IV. Jury Instructions

[3] Before defendant’s trial he stipulated in writing as to his prior felony conviction. When the trial court was instructing the jury it stated,

[O]n February 10th, 2000, in Durham County Superior Court, the defendant pled guilty to the felony of possession of a firearm by a felon that was committed on July 2nd, 1999, in violation of the laws of the State of North Carolina. The defendant and the State have stipulated to this prior conviction. So, for purposes of.. . this trial you are to find this element to be proved beyond a reasonable doubt.” Defendant contends it was error for the trial court to instruct the jury in this manner, and the State agrees.

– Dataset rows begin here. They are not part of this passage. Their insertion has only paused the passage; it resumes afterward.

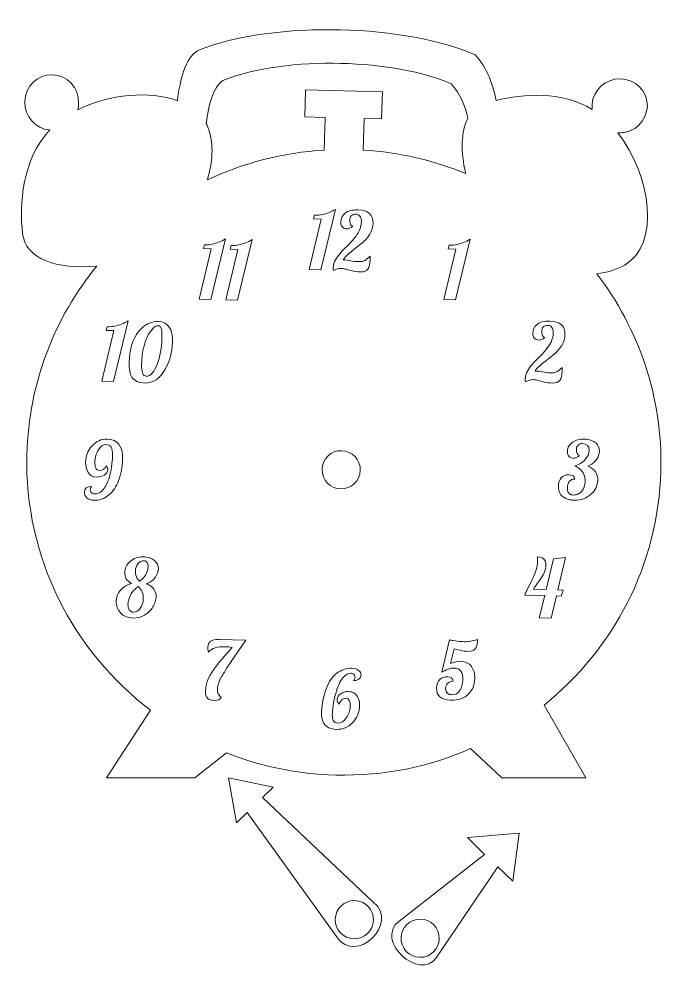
# Model space of a CAD drawing. Header units: centimetres. Extents: x -21.6 to 35.6, y -35.6 to 48.3.
# Drawn here: x -15.78 to -10.98, y -12.7 to -5.52 of the extents above; entities that cross this region are included whole.
import ezdxf

# ---------------------------------------------------------------- set-up
doc = ezdxf.new("R2010")
doc.units = ezdxf.units.CM
doc.header["$MEASUREMENT"] = 0
doc.layers.add('layer 1', color=7, linetype='Continuous')

msp = doc.modelspace()

# ---------------------------------------------------------------- linework, layer by layer
at = {"layer": 'layer 1', "color": 250, "lineweight": 9}
for points, knots in [([(-14.80543, -10.67525), (-15.38312, -10.23522), (-15.74774, -9.53847), (-15.72765, -8.76344), (-15.72765, -8.76344), (-15.71385, -8.23072), (-15.52043, -7.74435), (-15.20609, -7.35932), (-15.20609, -7.35932), (-15.51039, -7.38643), (-15.73848, -7.30354), (-15.75988, -7.11498), (-15.75988, -7.11498), (-15.78461, -6.89698), (-15.76516, -6.566), (-15.55628, -6.34225), (-15.55628, -6.34225), (-15.66354, -6.33505), (-15.74693, -6.24221), (-15.74405, -6.13106), (-15.74405, -6.13106), (-15.7411, -6.0171), (-15.64857, -5.92705), (-15.53738, -5.92993), (-15.53738, -5.92993), (-15.4262, -5.93281), (-15.33846, -6.02754), (-15.34141, -6.1415), (-15.34141, -6.1415), (-15.34186, -6.15871), (-15.34436, -6.17539), (-15.34864, -6.19128), (-15.34864, -6.19128), (-15.1106, -6.07454), (-14.81204, -6.04879), (-14.60454, -6.12385), (-14.60454, -6.12385), (-14.58227, -5.95546), (-14.54461, -5.81378), (-14.45699, -5.75044), (-14.45699, -5.75044), (-13.86983, -5.51578), (-12.87995, -5.55946), (-12.38247, -5.78155), (-12.38247, -5.78155), (-12.29201, -5.88198), (-12.24889, -5.9994), (-12.22635, -6.12333), (-12.22635, -6.12333), (-12.01992, -6.07), (-11.73802, -6.04987), (-11.50799, -6.19035), (-11.50799, -6.19035), (-11.52254, -6.08384), (-11.4484, -5.98346), (-11.33895, -5.9639), (-11.33895, -5.9639), (-11.22673, -5.94384), (-11.11989, -6.01634), (-11.10032, -6.12582), (-11.10032, -6.12582), (-11.08075, -6.23531), (-11.15586, -6.34033), (-11.26808, -6.36039), (-11.26808, -6.36039), (-11.28504, -6.36342), (-11.30187, -6.36433), (-11.3183, -6.36333), (-11.3183, -6.36333), (-11.06717, -6.68775), (-11.00024, -7.19799), (-11.2664, -7.35129), (-11.2664, -7.35129), (-11.32793, -7.38672), (-11.39903, -7.40786), (-11.47519, -7.41638), (-11.47519, -7.41638), (-11.16248, -7.82404), (-10.98246, -8.33529), (-10.99673, -8.88606), (-10.99673, -8.88606), (-11.01511, -9.595), (-11.35158, -10.22188), (-11.86785, -10.63706), (-11.86785, -10.63706), (-11.86785, -10.63706), (-11.55647, -11.18179), (-11.55647, -11.18179), (-11.55647, -11.18179), (-11.55647, -11.18179), (-12.18371, -11.18179), (-12.18371, -11.18179), (-12.18371, -11.18179), (-12.18371, -11.18179), (-12.41638, -10.96176), (-12.41638, -10.96176), (-12.41638, -10.96176), (-12.71499, -11.09788), (-13.06038, -11.16941), (-13.42272, -11.16002), (-13.42272, -11.16002), (-13.71173, -11.15253), (-13.9873, -11.09417), (-14.23882, -10.9947), (-14.23882, -10.9947), (-14.23882, -10.9947), (-14.47459, -11.18149), (-14.47459, -11.18149), (-14.47459, -11.18149), (-14.47459, -11.18149), (-15.13249, -11.1815), (-15.13249, -11.1815), (-15.13249, -11.1815), (-15.13249, -11.1815), (-14.80543, -10.67525), (-14.80543, -10.67525)], [0, 0, 0, 0, 0.0333333, 0.0333333, 0.0333333, 0.0333333, 0.0666667, 0.0666667, 0.0666667, 0.0666667, 0.1, 0.1, 0.1, 0.1, 0.1333333, 0.1333333, 0.1333333, 0.1333333, 0.1666667, 0.1666667, 0.1666667, 0.1666667, 0.2, 0.2, 0.2, 0.2, 0.2333333, 0.2333333, 0.2333333, 0.2333333, 0.2666667, 0.2666667, 0.2666667, 0.2666667, 0.3, 0.3, 0.3, 0.3, 0.3333333, 0.3333333, 0.3333333, 0.3333333, 0.3666667, 0.3666667, 0.3666667, 0.3666667, 0.4, 0.4, 0.4, 0.4, 0.4333333, 0.4333333, 0.4333333, 0.4333333, 0.4666667, 0.4666667, 0.4666667, 0.4666667, 0.5, 0.5, 0.5, 0.5, 0.5333333, 0.5333333, 0.5333333, 0.5333333, 0.5666667, 0.5666667, 0.5666667, 0.5666667, 0.6, 0.6, 0.6, 0.6, 0.6333333, 0.6333333, 0.6333333, 0.6333333, 0.6666667, 0.6666667, 0.6666667, 0.6666667, 0.7, 0.7, 0.7, 0.7, 0.7333333, 0.7333333, 0.7333333, 0.7333333, 0.7666667, 0.7666667, 0.7666667, 0.7666667, 0.8, 0.8, 0.8, 0.8, 0.8333333, 0.8333333, 0.8333333, 0.8333333, 0.8666667, 0.8666667, 0.8666667, 0.8666667, 0.9, 0.9, 0.9, 0.9, 0.9333333, 0.9333333, 0.9333333, 0.9333333, 1, 1, 1, 1]), ([(-12.43685, -6.25757), (-12.4564, -6.1638), (-12.49186, -6.07515), (-12.56087, -5.99855), (-12.56087, -5.99855), (-12.96961, -5.81607), (-13.78291, -5.78019), (-14.26533, -5.97298), (-14.26533, -5.97298), (-14.34018, -6.02708), (-14.37066, -6.15074), (-14.38868, -6.29627), (-14.38868, -6.29627), (-14.38156, -6.30997), (-14.37545, -6.32436), (-14.37047, -6.33941), (-14.37047, -6.33941), (-14.33295, -6.4527), (-14.34049, -6.58437), (-14.38079, -6.715), (-14.38079, -6.715), (-14.11365, -6.58916), (-13.81917, -6.51146), (-13.50919, -6.49297), (-13.50919, -6.49297), (-13.50919, -6.49297), (-13.50286, -6.24856), (-13.50286, -6.24856), (-13.50286, -6.24856), (-13.50286, -6.24856), (-13.65384, -6.24465), (-13.65384, -6.24465), (-13.65384, -6.24465), (-13.65384, -6.24465), (-13.64862, -6.04333), (-13.64862, -6.04333), (-13.64862, -6.04333), (-13.64862, -6.04333), (-13.07487, -6.0582), (-13.07487, -6.0582), (-13.07487, -6.0582), (-13.07487, -6.0582), (-13.08009, -6.25952), (-13.08009, -6.25952), (-13.08009, -6.25952), (-13.08009, -6.25952), (-13.21094, -6.25613), (-13.21094, -6.25613), (-13.21094, -6.25613), (-13.21094, -6.25613), (-13.21709, -6.49315), (-13.21709, -6.49315), (-13.21709, -6.49315), (-12.9472, -6.50952), (-12.68999, -6.57034), (-12.45264, -6.66809), (-12.45264, -6.66809), (-12.49278, -6.50022), (-12.48905, -6.35443), (-12.43685, -6.25757)], [0, 0, 0, 0, 0.0625, 0.0625, 0.0625, 0.0625, 0.125, 0.125, 0.125, 0.125, 0.1875, 0.1875, 0.1875, 0.1875, 0.25, 0.25, 0.25, 0.25, 0.3125, 0.3125, 0.3125, 0.3125, 0.375, 0.375, 0.375, 0.375, 0.4375, 0.4375, 0.4375, 0.4375, 0.5, 0.5, 0.5, 0.5, 0.5625, 0.5625, 0.5625, 0.5625, 0.625, 0.625, 0.625, 0.625, 0.6875, 0.6875, 0.6875, 0.6875, 0.75, 0.75, 0.75, 0.75, 0.8125, 0.8125, 0.8125, 0.8125, 0.875, 0.875, 0.875, 0.875, 1, 1, 1, 1]), ([(-13.37841, -8.73775), (-13.29961, -8.7398), (-13.2374, -8.80533), (-13.23944, -8.88412), (-13.23944, -8.88412), (-13.24149, -8.9629), (-13.30701, -9.02512), (-13.3858, -9.02308), (-13.3858, -9.02308), (-13.4646, -9.02104), (-13.52681, -8.95551), (-13.52477, -8.87672), (-13.52477, -8.87672), (-13.52272, -8.79793), (-13.4572, -8.73571), (-13.37841, -8.73775)], [0, 0, 0, 0, 0.2, 0.2, 0.2, 0.2, 0.4, 0.4, 0.4, 0.4, 0.6, 0.6, 0.6, 0.6, 1, 1, 1, 1]), ([(-13.14377, -12.10859), (-12.94212, -12.26512), (-13.27046, -12.58539), (-13.41836, -12.36713), (-13.41836, -12.36713), (-13.41836, -12.36713), (-14.08278, -11.44021), (-14.08278, -11.44021), (-14.08278, -11.44021), (-14.08278, -11.44021), (-14.16256, -11.51782), (-14.16256, -11.51782), (-14.16256, -11.51782), (-14.16256, -11.51782), (-14.2227, -11.18179), (-14.2227, -11.18179), (-14.2227, -11.18179), (-14.2227, -11.18179), (-13.88858, -11.25021), (-13.88858, -11.25021), (-13.88858, -11.25021), (-13.88858, -11.25021), (-13.96835, -11.32783), (-13.96835, -11.32783), (-13.96835, -11.32783), (-13.96835, -11.32783), (-13.14377, -12.10859), (-13.14377, -12.10859)], [0, 0, 0, 0, 0.125, 0.125, 0.125, 0.125, 0.25, 0.25, 0.25, 0.25, 0.375, 0.375, 0.375, 0.375, 0.5, 0.5, 0.5, 0.5, 0.625, 0.625, 0.625, 0.625, 0.75, 0.75, 0.75, 0.75, 1, 1, 1, 1]), ([(-12.95233, -12.25372), (-12.95233, -12.25372), (-12.31209, -11.75317), (-12.31209, -11.75317), (-12.31209, -11.75317), (-12.31209, -11.75317), (-12.43881, -11.62689), (-12.43881, -11.62689), (-12.43881, -11.62689), (-12.43881, -11.62689), (-12.05513, -11.59439), (-12.05513, -11.59439), (-12.05513, -11.59439), (-12.05513, -11.59439), (-12.10201, -11.95308), (-12.10201, -11.95308), (-12.10201, -11.95308), (-12.10201, -11.95308), (-12.21266, -11.84659), (-12.21266, -11.84659), (-12.21266, -11.84659), (-12.21266, -11.84659), (-12.67289, -12.52449), (-12.67289, -12.52449), (-12.67289, -12.52449), (-12.79465, -12.70385), (-13.13549, -12.39691), (-12.95233, -12.25372)], [0, 0, 0, 0, 0.125, 0.125, 0.125, 0.125, 0.25, 0.25, 0.25, 0.25, 0.375, 0.375, 0.375, 0.375, 0.5, 0.5, 0.5, 0.5, 0.625, 0.625, 0.625, 0.625, 0.75, 0.75, 0.75, 0.75, 1, 1, 1, 1]), ([(-13.28032, -12.09777), (-13.20152, -12.09981), (-13.13931, -12.16534), (-13.14135, -12.24413), (-13.14135, -12.24413), (-13.1434, -12.32291), (-13.20892, -12.38513), (-13.28771, -12.38309), (-13.28771, -12.38309), (-13.3665, -12.38105), (-13.42872, -12.31552), (-13.42667, -12.23673), (-13.42667, -12.23673), (-13.42463, -12.15794), (-13.35911, -12.09572), (-13.28032, -12.09777)], [0, 0, 0, 0, 0.2, 0.2, 0.2, 0.2, 0.4, 0.4, 0.4, 0.4, 0.6, 0.6, 0.6, 0.6, 1, 1, 1, 1]), ([(-12.78922, -12.23604), (-12.71043, -12.23808), (-12.64822, -12.30361), (-12.65026, -12.3824), (-12.65026, -12.3824), (-12.6523, -12.46118), (-12.71782, -12.52341), (-12.79661, -12.52137), (-12.79661, -12.52137), (-12.87541, -12.51932), (-12.93762, -12.45379), (-12.93558, -12.375), (-12.93558, -12.375), (-12.93353, -12.29621), (-12.86801, -12.23399), (-12.78922, -12.23604)], [0, 0, 0, 0, 0.2, 0.2, 0.2, 0.2, 0.4, 0.4, 0.4, 0.4, 0.6, 0.6, 0.6, 0.6, 1, 1, 1, 1])]:
    msp.add_open_spline(points, degree=3, knots=knots, dxfattribs=at)
at = {"layer": 'layer 1', "color": 242, "lineweight": 9}
for points, knots in [([(-13.62041, -7.38575), (-13.62041, -7.38575), (-13.53043, -7.00848), (-13.53043, -7.00848), (-13.53043, -7.00848), (-13.53043, -7.00848), (-13.58798, -7.00699), (-13.58798, -7.00699), (-13.58798, -7.00699), (-13.58798, -7.00699), (-13.58016, -6.97921), (-13.58016, -6.97921), (-13.58016, -6.97921), (-13.55736, -6.9798), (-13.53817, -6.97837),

Defendant failed to object at trial, but now contends it was plain error for the trial court to inform the jury he had previously been convicted of the crime possession of a firearm by a felon. In fight of the evidence as noted above, we are not convinced that the trial court’s statement that defendant had previously been convicted of the same crime “had a probable impact on the jury’s finding that the defendant was guilty.” See Lawrence, 365 N.C. at 518, 723 S.E.2d at 334. Accordingly, we overrule this argument.

V. Conclusion

For the foregoing reasons, we find no error.

NO ERROR.

Judges HUNTER, JR., Robert N. and DILLON concur.